Speaker
Di Qi, New York University
Time
2021-03-11 10:00, in 18 hours
Venu
Online-ZOOM
ZOOM Info
Zoom Link: 672-728-53685
Password: 816466
Abstract
Understanding and predicting extreme events and their anomalous statistics are a grand challenge in complex natural systems. Recent controlled laboratory experiments in weakly turbulent shallow water with abrupt depth change exhibit a remarkable transition from nearly Gaussian statistics to extreme anomalous statistics with large positive skewness of the surface height. We develop a statistical dynamical model to explain and quantitatively predict the anomalous statistical behavior.

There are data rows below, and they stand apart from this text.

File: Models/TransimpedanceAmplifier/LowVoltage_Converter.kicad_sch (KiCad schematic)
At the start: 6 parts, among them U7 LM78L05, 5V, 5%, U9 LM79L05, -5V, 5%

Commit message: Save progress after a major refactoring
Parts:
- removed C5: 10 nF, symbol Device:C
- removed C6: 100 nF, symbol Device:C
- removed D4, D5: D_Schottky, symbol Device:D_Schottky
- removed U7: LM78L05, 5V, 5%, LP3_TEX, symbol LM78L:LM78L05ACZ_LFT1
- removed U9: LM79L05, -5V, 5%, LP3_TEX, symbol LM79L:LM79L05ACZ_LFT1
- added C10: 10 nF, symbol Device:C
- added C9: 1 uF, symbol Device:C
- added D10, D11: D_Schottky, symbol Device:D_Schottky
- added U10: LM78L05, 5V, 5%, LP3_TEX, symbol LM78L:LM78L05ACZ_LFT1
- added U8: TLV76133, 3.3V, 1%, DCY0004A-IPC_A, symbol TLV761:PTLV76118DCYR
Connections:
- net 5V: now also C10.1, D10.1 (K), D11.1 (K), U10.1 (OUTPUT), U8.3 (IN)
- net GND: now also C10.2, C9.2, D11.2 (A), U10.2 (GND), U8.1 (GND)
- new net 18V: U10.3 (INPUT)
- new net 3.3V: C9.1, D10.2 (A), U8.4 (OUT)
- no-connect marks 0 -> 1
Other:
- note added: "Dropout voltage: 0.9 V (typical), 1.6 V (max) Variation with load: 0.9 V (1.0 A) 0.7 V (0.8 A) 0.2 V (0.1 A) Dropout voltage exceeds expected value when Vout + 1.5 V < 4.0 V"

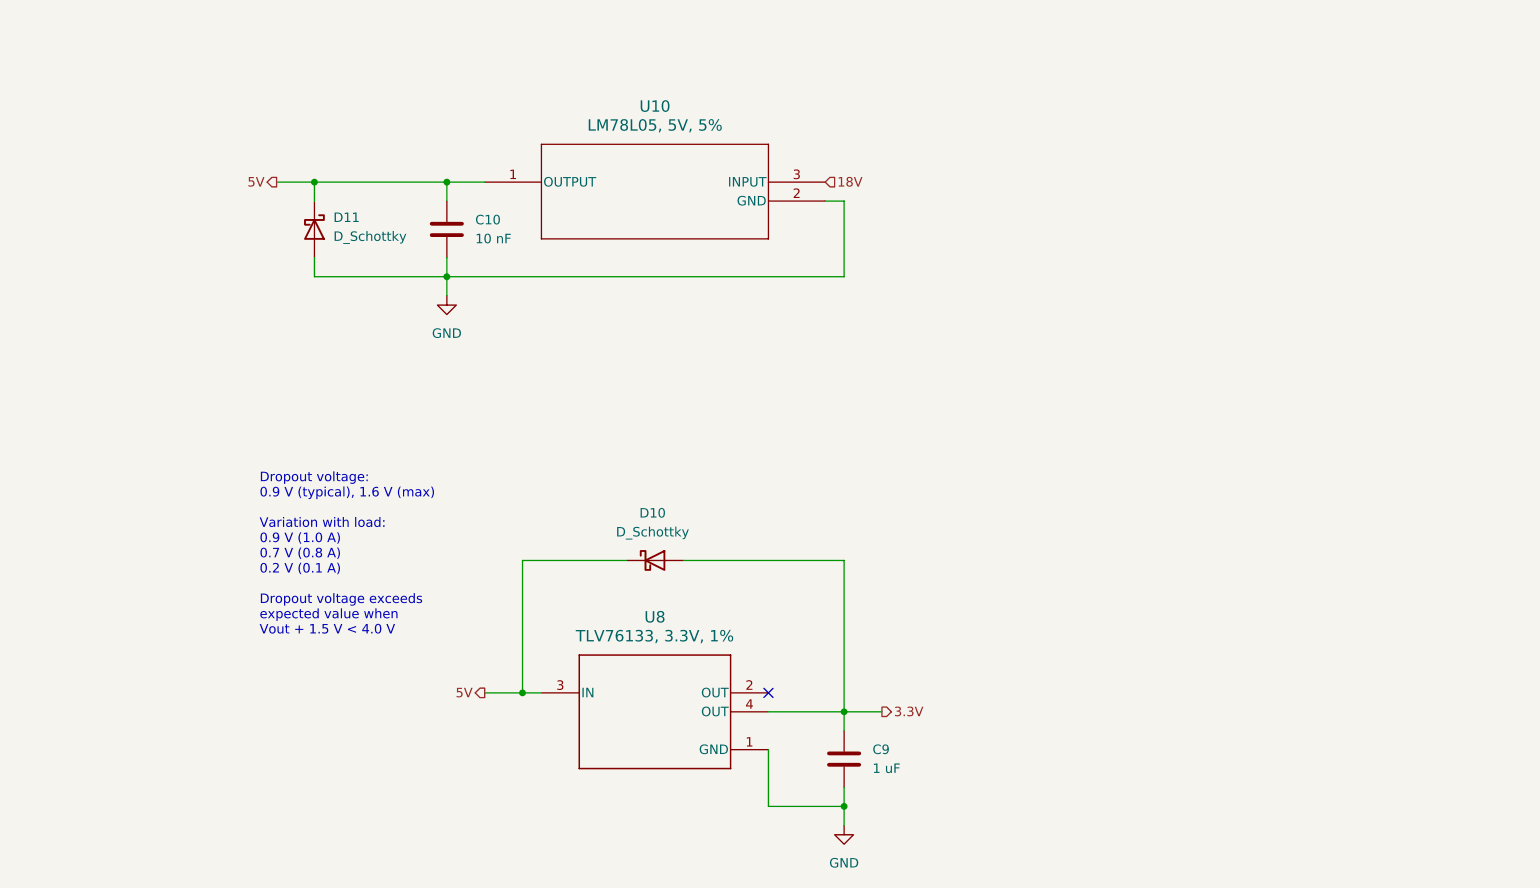
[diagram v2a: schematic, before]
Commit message: Added purchase links for all current capacitors, with dimensional tolerances matching the footprint
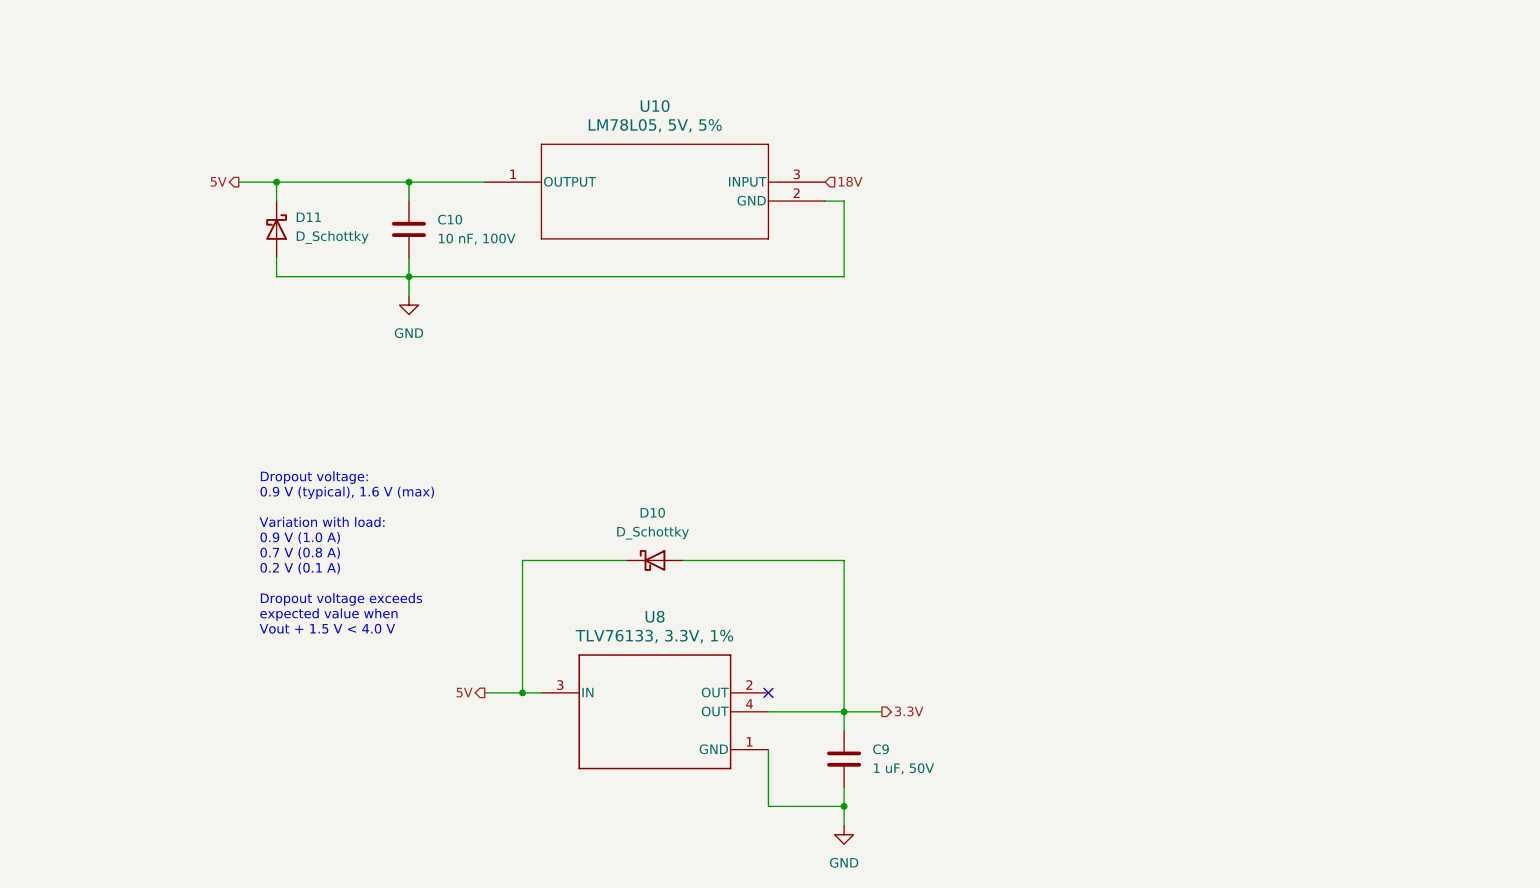
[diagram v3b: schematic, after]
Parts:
- C10: value 10 nF -> 10 nF, 100V; Purchase Link (none) -> https://www.digikey.com/en/products/detail/murata-electroni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
- C9: value 1 uF -> 1 uF, 50V; Purchase Link (none) -> https://www.digikey.com/en/products/detail/murata-electroni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
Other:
- moved on the sheet: C10, D11
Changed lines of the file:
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@@
 	)
 	(junction
-		(at 114.3 68.58)
+		(at 109.22 68.58)
 		(diameter 0)
 		(color 0 0 0 0)
 	)
 	(junction
-		(at 96.52 55.88)
+		(at 91.44 55.88)
 		(diameter 0)
 		(color 0 0 0 0)
 	)
 	(junction
-		(at 114.3 55.88)
+		(at 109.22 55.88)
 		(diameter 0)
 		(color 0 0 0 0)
@@
 	(wire
 		(pts
+			(xy 124.46 124.46) (xy 127 124.46)
+		)
+		(stroke
+			(width 0)
+			(type default)
+		)
+	)
+	(wire
+		(pts
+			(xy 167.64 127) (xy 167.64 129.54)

Incoming and outgoing waves are modeled by the truncated Korteweg–deVries equations statistically matched at the depth change. The statistical matching of the known nearly Gaussian incoming Gibbs state completely determines the predicted anomalous outgoing Gibbs state and successfully captures key features of the experiment. A deep learning strategy is proposed next to predict the extreme events that appear in the tKdV model. The neural network is trained using data only from the near-Gaussian regime without the occurrence of large extreme values. The optimized network demonstrates uniformly high skill in successfully capturing the solution structures in a wide variety of statistical regimes, including the highly skewed extreme events.